EXERCISE AIM.
Check every line of the entries for "size", and copy the lines that hold it.

(Dataset entries)
◆ ◆ ◆ ◆ ◆ ◆ ◆
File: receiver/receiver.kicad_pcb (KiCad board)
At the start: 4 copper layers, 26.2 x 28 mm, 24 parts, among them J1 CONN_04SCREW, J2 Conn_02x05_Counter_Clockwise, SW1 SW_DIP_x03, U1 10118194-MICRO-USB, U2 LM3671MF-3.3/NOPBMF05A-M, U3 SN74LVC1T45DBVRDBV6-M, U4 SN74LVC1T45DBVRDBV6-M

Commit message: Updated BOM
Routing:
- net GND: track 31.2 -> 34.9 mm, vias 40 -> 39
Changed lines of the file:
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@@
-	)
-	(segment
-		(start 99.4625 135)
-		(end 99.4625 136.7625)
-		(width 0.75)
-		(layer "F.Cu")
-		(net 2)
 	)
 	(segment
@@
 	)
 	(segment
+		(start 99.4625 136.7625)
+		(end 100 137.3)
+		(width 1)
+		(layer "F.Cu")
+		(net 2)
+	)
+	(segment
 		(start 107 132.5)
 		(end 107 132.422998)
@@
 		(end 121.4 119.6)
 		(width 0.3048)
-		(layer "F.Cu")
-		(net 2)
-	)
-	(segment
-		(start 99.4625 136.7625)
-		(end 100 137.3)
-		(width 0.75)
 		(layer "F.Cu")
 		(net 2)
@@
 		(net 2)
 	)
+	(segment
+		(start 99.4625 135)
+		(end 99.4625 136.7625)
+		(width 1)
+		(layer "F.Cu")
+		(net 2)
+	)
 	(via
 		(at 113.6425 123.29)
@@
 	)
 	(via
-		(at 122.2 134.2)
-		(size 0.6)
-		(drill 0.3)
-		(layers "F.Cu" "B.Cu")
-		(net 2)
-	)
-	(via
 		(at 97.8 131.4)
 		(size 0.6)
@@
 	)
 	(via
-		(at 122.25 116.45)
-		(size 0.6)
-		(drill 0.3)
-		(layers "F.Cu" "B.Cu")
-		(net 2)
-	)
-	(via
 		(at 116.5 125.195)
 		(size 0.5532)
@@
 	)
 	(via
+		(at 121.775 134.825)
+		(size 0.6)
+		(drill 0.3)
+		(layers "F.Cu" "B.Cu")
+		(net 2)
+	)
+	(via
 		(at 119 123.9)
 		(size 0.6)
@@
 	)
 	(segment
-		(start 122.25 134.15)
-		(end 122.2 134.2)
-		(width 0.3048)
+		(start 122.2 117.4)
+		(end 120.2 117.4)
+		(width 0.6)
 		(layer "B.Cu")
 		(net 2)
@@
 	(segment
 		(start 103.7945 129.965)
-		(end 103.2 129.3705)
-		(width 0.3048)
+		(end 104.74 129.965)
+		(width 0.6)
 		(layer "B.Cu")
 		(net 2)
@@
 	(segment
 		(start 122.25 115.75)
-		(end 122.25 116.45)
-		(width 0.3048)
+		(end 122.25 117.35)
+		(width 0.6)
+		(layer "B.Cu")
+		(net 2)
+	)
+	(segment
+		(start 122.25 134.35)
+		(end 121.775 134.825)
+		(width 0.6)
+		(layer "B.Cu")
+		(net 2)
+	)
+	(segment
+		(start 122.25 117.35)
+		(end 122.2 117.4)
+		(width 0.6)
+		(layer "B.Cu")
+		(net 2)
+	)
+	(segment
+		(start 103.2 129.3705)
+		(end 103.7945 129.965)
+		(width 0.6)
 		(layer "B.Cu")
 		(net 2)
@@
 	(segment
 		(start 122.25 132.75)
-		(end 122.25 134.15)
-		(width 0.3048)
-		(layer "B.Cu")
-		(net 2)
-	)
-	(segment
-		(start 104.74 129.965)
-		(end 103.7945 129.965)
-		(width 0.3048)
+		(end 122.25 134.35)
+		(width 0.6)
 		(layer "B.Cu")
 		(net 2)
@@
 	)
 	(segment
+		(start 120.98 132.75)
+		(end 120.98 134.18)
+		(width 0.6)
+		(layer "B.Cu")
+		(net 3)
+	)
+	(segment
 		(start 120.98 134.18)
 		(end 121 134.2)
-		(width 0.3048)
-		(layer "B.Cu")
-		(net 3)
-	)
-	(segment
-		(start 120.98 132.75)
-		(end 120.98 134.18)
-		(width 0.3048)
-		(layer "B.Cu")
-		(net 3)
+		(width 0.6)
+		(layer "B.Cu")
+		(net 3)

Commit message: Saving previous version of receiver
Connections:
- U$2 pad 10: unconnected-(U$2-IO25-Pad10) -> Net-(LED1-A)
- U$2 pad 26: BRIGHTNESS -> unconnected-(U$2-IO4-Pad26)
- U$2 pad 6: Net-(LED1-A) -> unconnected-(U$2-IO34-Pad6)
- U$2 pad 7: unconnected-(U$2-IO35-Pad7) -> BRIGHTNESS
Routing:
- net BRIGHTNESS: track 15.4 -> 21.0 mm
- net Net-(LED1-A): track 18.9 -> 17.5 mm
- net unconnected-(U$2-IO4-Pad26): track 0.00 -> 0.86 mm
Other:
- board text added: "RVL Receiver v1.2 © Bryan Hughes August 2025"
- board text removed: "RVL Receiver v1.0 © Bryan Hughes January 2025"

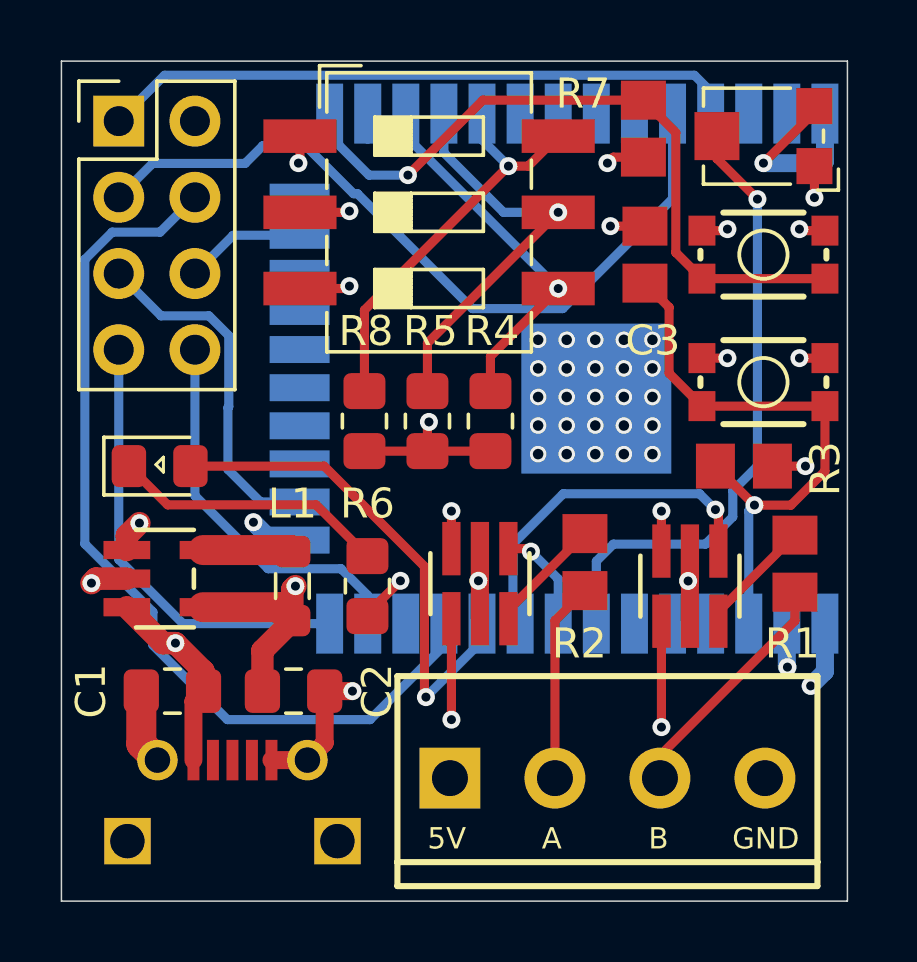
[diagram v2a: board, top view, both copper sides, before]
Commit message: Finished first draft of new receiver
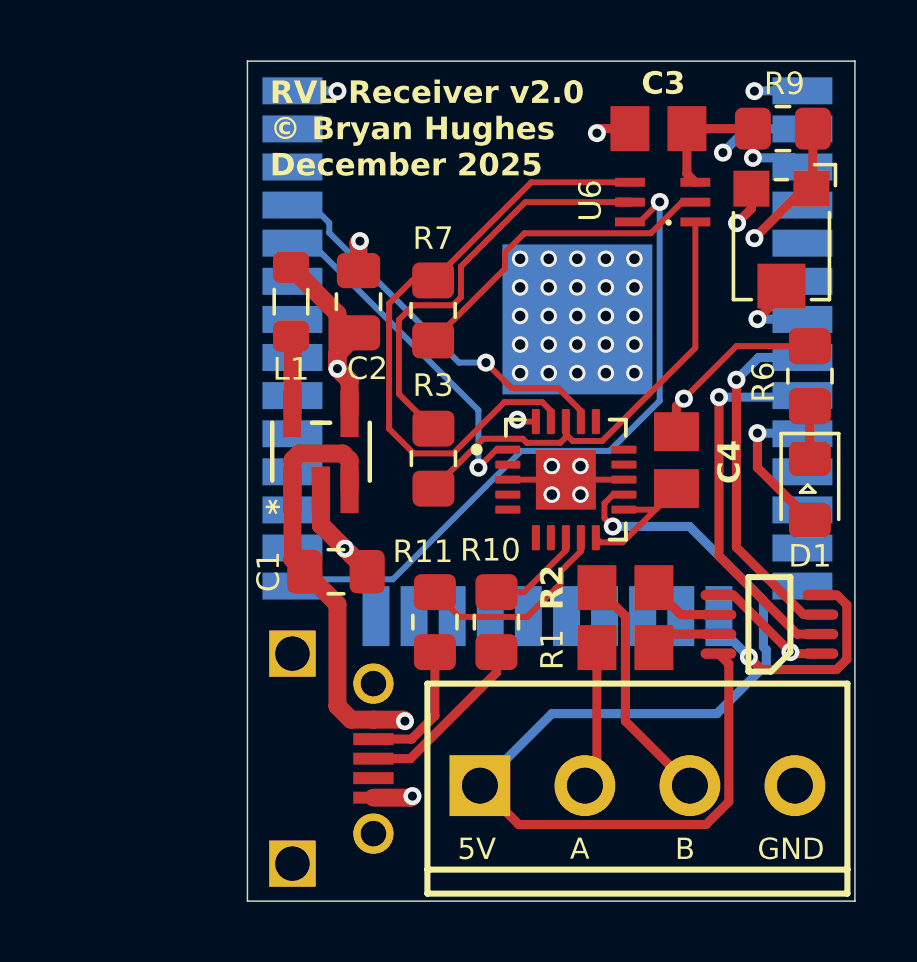
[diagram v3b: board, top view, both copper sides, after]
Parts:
- removed J2: Conn_02x05_Counter_Clockwise, Connector_PinHeader_2.54mm:PinHeader_2x04_P2.54mm_Vertical
- removed LED1: Power, LED_SMD:LED_0805_2012Metric_Pad1.15x1.40mm_HandSolder
- removed R4, R5, R8: 10k, Resistor_SMD:R_0805_2012Metric_Pad1.20x1.40mm_HandSolder
- removed S2, S3: MOMENTARY-SWITCH-SPST-2-SMD-4.6X2.8MM, receiver:TACTILE_SWITCH_SMD_4.6X2.8MM
- removed SW1: SW_DIP_x03, Button_Switch_SMD:SW_DIP_SPSTx03_Slide_6.7x9.18mm_W8.61mm_P2.54mm_LowProfile
- removed U4: SN74LVC1T45DBVRDBV6-M, receiver:DBV6-M
- added C4: 1uF, receiver:C0805, F.Cu at (117.3, 127.3)
- added D1: LED, LED_SMD:LED_0805_2012Metric_Pad1.15x1.40mm_HandSolder, F.Cu at (121.8, 128.3)
- added R10: 27, Resistor_SMD:R_0805_2012Metric_Pad1.20x1.40mm_HandSolder, F.Cu at (111.3, 132.7)
- added R11: 27, Resistor_SMD:R_0805_2012Metric_Pad1.20x1.40mm_HandSolder, F.Cu at (109.2, 132.7)
- added R9: 10k, Resistor_SMD:R_0805_2012Metric_Pad1.20x1.40mm_HandSolder, F.Cu at (120.8, 116.2)
- added U5: FT231XQ-R, receiver:QFN50P400X400X80-21N, F.Cu at (113.6, 128.0)
- added U6: MBT3904DW1T1G, receiver:SOT236, F.Cu at (116.8, 118.7)
- R3, R7: footprint receiver:R0805 -> Resistor_SMD:R_0805_2012Metric_Pad1.20x1.40mm_HandSolder
- U3: value SN74LVC1T45DBVRDBV6-M -> SN74LVC2T45DCTRE4; footprint receiver:DBV6-M -> receiver:DCT0008A_L
- moved R6 16.3 mm to (121.8, 124.5), turned to -90 degrees
- moved C2 13.2 mm to (106.7, 122.0), turned to 90 degrees
- moved U$2 13.1 mm to (113.0, 115.0), turned to 180 degrees
- moved R3 10.4 mm to (109.2, 127.2), turned to 90 degrees
- moved L1 9.48 mm to (104.5, 122.0), turned to 90 degrees
- moved R7 9.27 mm to (109.2, 122.3)
- moved C1 6.75 mm to (106.0, 131.0), turned to 0 degrees
- moved U2 6.71 mm to (105.5, 127.0), turned to 90 degrees
- moved R1 6.31 mm to (115.6, 133.6), turned to 0 degrees
- moved C3 4.22 mm to (116.7, 116.2), turned to 180 degrees
- moved RV1 3.62 mm to (120.8, 120.0), turned to -90 degrees
- moved U1 3.40 mm to (104.5, 137.2), turned to -90 degrees
- moved U3 2.94 mm to (120.4, 132.8), turned to 180 degrees
- moved R2 1.60 mm to (115.6, 131.6), turned to 0 degrees
- moved J1 1.03 mm to (110.8, 138.2)
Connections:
- C3 pad 1: Net-(U$2-EN) -> EN
- R1 pad 1: Net-(U3-A) -> Net-(J1-Pad2)
- R1 pad 2: Net-(J1-Pad3) -> Net-(U3-B1)
- R2 pad 1: Net-(U4-A) -> Net-(J1-Pad3)
- R2 pad 2: Net-(J1-Pad2) -> Net-(U3-B2)
- R3 pad 1: Net-(U$2-EN) -> Net-(U5-DTR#)
- R3 pad 2: +3.3V -> Net-(R3-Pad2)
- R7 pad 1: Net-(U$2-IO0) -> Net-(U5-RTS#)
- R7 pad 2: +3.3V -> Net-(R7-Pad2)
- U$2 pad 11: GPIO26 -> unconnected-(U$2-IO26-Pad11)
- U$2 pad 13: TMS -> unconnected-(U$2-IO14-Pad13)
- U$2 pad 14: TDI -> unconnected-(U$2-IO12-Pad14)
- U$2 pad 16: TCK -> unconnected-(U$2-IO13-Pad16)
- U$2 pad 23: TDO -> unconnected-(U$2-IO15-Pad23)
- U$2 pad 25: Net-(U$2-IO0) -> IO0
- U$2 pad 27: DIP3 -> unconnected-(U$2-IO16-Pad27)
- U$2 pad 28: DIP2 -> unconnected-(U$2-IO17-Pad28)
- U$2 pad 29: DIP1 -> unconnected-(U$2-IO5-Pad29)
- U$2 pad 3: Net-(U$2-EN) -> EN
- U1 pad 2: unconnected-(U1-D--Pad2) -> USB_D-
- U1 pad 3: unconnected-(U1-D+-Pad3) -> USB_D+
- U3 pad 1: +5V -> +3.3V
- U3 pad 2: GND -> LED_DATA
- U3 pad 3: Net-(U3-A) -> LED_CLOCK
- U3 pad 4: LED_DATA -> GND
- U3 pad 5: GND -> +3.3V
- U3 pad 6: +3.3V -> Net-(U3-B2)
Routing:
- net +5V: track 14.5 -> 53.0 mm, vias 4 -> 2
- net GPIO26: track 30.8 -> 0.00 mm
- net Net-(U$2-IO0): track 23.6 -> 0.00 mm, vias 1 -> 0
- net IO0: track 0.00 -> 22.7 mm, vias 0 -> 1
- net Net-(U5-RTS#): track 0.00 -> 20.8 mm
- net Net-(U$2-EN): track 19.8 -> 0.00 mm, vias 1 -> 0
- net BRIGHTNESS: track 21.0 -> 2.94 mm
- net Net-(U5-DTR#): track 0.00 -> 16.3 mm
- net TDI: track 14.9 -> 0.00 mm
- net Net-(R3-Pad2): track 0.00 -> 14.4 mm
- net RXD: track 25.8 -> 11.6 mm, vias 0 -> 1
- net DIP2: track 13.7 -> 0.00 mm, vias 1 -> 0
- net DIP1: track 13.7 -> 0.00 mm, vias 1 -> 0
- net TMS: track 12.9 -> 0.00 mm
- net Net-(D1-A): track 17.5 -> 5.13 mm
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- removed copper zone on In2.Cu, net +5V
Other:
- board size 26.2 x 28 mm -> 20.2 x 28 mm
- board text added: "RVL Receiver v2.0 © Bryan Hughes December 2025"
- board text removed: "RVL Receiver v1.2 © Bryan Hughes August 2025"
◆ ◆ ◆ ◆ ◆ ◆ ◆
RESULT FOR THIS EXERCISE.
-		(size 0.6)
 		(size 0.6)
-		(size 0.6)
 		(size 0.5532)
+		(size 0.6)
 		(size 0.6)
- board size 26.2 x 28 mm -> 20.2 x 28 mm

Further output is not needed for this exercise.